* **Exercise data**:
■ ■ ■ ■ ■ ■ ■
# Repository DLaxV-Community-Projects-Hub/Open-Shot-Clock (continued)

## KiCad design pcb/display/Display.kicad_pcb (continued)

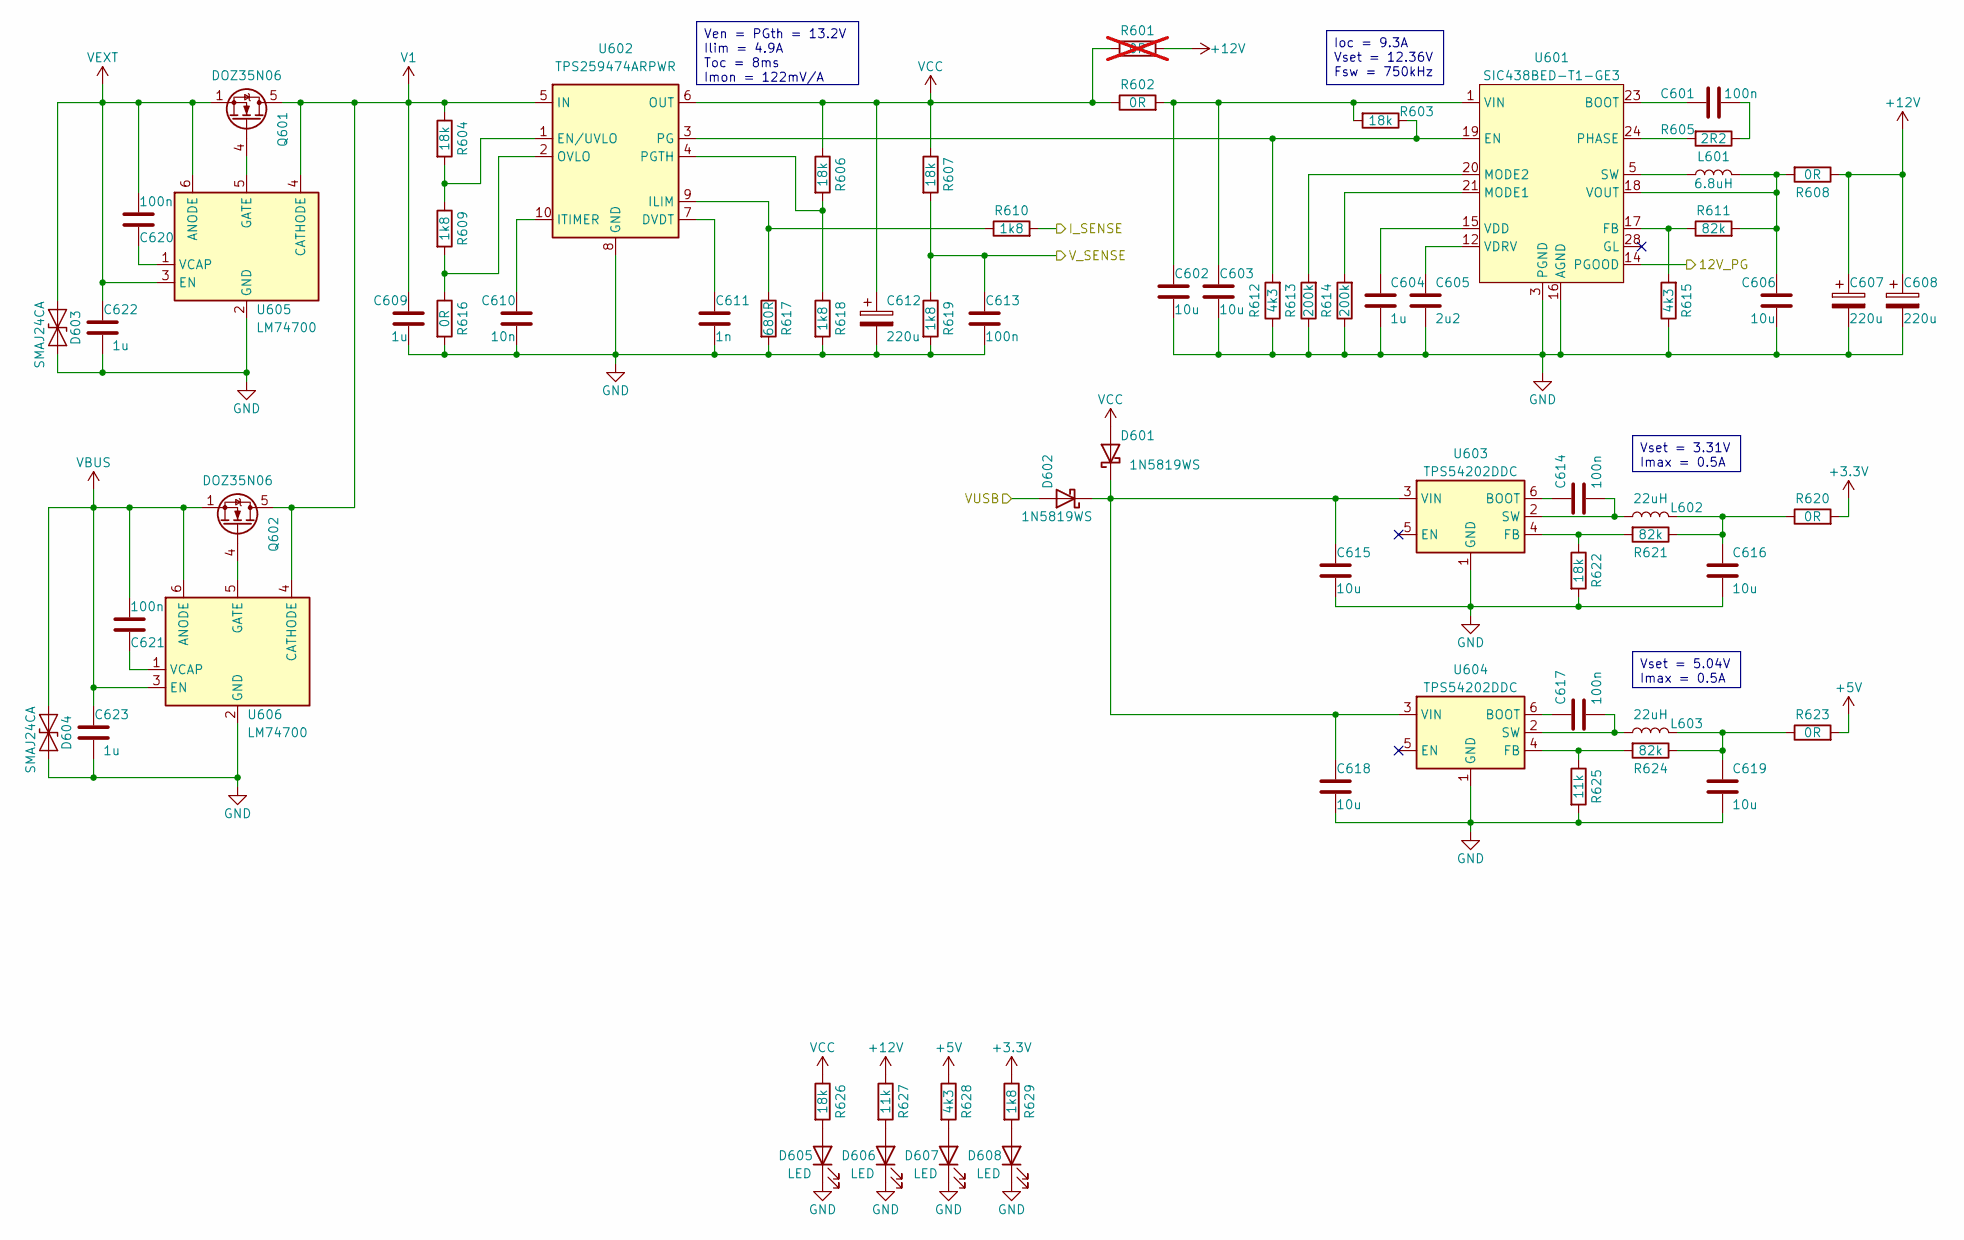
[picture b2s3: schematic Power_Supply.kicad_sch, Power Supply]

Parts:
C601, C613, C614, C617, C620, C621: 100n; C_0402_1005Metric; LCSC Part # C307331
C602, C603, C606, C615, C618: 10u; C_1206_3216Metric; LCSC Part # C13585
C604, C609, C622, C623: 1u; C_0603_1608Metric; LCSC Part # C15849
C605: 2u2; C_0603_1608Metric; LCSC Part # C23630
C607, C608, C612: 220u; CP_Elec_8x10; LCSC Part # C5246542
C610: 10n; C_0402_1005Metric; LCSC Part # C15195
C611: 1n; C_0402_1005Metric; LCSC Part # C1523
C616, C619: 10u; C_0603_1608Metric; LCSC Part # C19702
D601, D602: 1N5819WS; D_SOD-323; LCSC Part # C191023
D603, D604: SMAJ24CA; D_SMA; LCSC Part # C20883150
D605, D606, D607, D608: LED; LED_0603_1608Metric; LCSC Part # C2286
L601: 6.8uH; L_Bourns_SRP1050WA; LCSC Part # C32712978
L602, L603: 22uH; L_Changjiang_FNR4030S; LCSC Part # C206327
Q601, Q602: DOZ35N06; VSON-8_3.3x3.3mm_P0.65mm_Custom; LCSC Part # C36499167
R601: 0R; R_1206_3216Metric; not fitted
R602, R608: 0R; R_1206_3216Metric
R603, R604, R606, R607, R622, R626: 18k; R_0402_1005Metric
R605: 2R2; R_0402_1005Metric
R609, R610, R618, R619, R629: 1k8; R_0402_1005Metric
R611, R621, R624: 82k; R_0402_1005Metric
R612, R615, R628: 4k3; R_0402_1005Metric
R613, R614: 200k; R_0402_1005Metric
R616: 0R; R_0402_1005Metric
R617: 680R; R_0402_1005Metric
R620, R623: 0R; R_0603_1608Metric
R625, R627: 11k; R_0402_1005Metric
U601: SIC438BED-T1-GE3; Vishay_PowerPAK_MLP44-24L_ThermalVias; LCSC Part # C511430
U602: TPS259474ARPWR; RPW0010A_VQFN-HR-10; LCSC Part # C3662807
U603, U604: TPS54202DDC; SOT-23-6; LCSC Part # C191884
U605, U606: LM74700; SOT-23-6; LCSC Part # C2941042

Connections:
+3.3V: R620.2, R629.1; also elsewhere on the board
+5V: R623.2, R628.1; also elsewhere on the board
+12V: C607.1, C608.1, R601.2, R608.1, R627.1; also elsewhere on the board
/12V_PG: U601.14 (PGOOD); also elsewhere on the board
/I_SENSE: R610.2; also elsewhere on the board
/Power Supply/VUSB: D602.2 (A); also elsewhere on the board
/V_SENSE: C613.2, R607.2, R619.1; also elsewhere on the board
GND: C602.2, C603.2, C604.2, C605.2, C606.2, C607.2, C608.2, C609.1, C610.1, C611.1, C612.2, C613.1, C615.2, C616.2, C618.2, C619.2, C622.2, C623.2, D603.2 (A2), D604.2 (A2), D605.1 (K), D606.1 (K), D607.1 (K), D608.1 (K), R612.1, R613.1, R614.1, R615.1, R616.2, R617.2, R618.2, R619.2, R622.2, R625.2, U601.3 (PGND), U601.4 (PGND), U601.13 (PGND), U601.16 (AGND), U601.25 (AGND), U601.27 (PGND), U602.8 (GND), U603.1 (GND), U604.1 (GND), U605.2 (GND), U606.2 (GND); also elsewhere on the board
■ ■ ■ ■ ■ ■ ■
* **What you need to do**: All preceding records should be duplicated verbatim, images excepted.

* **Reply**:
# Repository DLaxV-Community-Projects-Hub/Open-Shot-Clock (continued)

## KiCad design pcb/display/Display.kicad_pcb (continued)

[picture b2s3: schematic Power_Supply.kicad_sch, Power Supply]

Parts:
C601, C613, C614, C617, C620, C621: 100n; C_0402_1005Metric; LCSC Part # C307331
C602, C603, C606, C615, C618: 10u; C_1206_3216Metric; LCSC Part # C13585
C604, C609, C622, C623: 1u; C_0603_1608Metric; LCSC Part # C15849
C605: 2u2; C_0603_1608Metric; LCSC Part # C23630
C607, C608, C612: 220u; CP_Elec_8x10; LCSC Part # C5246542
C610: 10n; C_0402_1005Metric; LCSC Part # C15195
C611: 1n; C_0402_1005Metric; LCSC Part # C1523
C616, C619: 10u; C_0603_1608Metric; LCSC Part # C19702
D601, D602: 1N5819WS; D_SOD-323; LCSC Part # C191023
D603, D604: SMAJ24CA; D_SMA; LCSC Part # C20883150
D605, D606, D607, D608: LED; LED_0603_1608Metric; LCSC Part # C2286
L601: 6.8uH; L_Bourns_SRP1050WA; LCSC Part # C32712978
L602, L603: 22uH; L_Changjiang_FNR4030S; LCSC Part # C206327
Q601, Q602: DOZ35N06; VSON-8_3.3x3.3mm_P0.65mm_Custom; LCSC Part # C36499167
R601: 0R; R_1206_3216Metric; not fitted
R602, R608: 0R; R_1206_3216Metric
R603, R604, R606, R607, R622, R626: 18k; R_0402_1005Metric
R605: 2R2; R_0402_1005Metric
R609, R610, R618, R619, R629: 1k8; R_0402_1005Metric
R611, R621, R624: 82k; R_0402_1005Metric
R612, R615, R628: 4k3; R_0402_1005Metric
R613, R614: 200k; R_0402_1005Metric
R616: 0R; R_0402_1005Metric
R617: 680R; R_0402_1005Metric
R620, R623: 0R; R_0603_1608Metric
R625, R627: 11k; R_0402_1005Metric
U601: SIC438BED-T1-GE3; Vishay_PowerPAK_MLP44-24L_ThermalVias; LCSC Part # C511430
U602: TPS259474ARPWR; RPW0010A_VQFN-HR-10; LCSC Part # C3662807
U603, U604: TPS54202DDC; SOT-23-6; LCSC Part # C191884
U605, U606: LM74700; SOT-23-6; LCSC Part # C2941042

Connections:
+3.3V: R620.2, R629.1; also elsewhere on the board
+5V: R623.2, R628.1; also elsewhere on the board
+12V: C607.1, C608.1, R601.2, R608.1, R627.1; also elsewhere on the board
/12V_PG: U601.14 (PGOOD); also elsewhere on the board
/I_SENSE: R610.2; also elsewhere on the board
/Power Supply/VUSB: D602.2 (A); also elsewhere on the board
/V_SENSE: C613.2, R607.2, R619.1; also elsewhere on the board
GND: C602.2, C603.2, C604.2, C605.2, C606.2, C607.2, C608.2, C609.1, C610.1, C611.1, C612.2, C613.1, C615.2, C616.2, C618.2, C619.2, C622.2, C623.2, D603.2 (A2), D604.2 (A2), D605.1 (K), D606.1 (K), D607.1 (K), D608.1 (K), R612.1, R613.1, R614.1, R615.1, R616.2, R617.2, R618.2, R619.2, R622.2, R625.2, U601.3 (PGND), U601.4 (PGND), U601.13 (PGND), U601.16 (AGND), U601.25 (AGND), U601.27 (PGND), U602.8 (GND), U603.1 (GND), U604.1 (GND), U605.2 (GND), U606.2 (GND); also elsewhere on the board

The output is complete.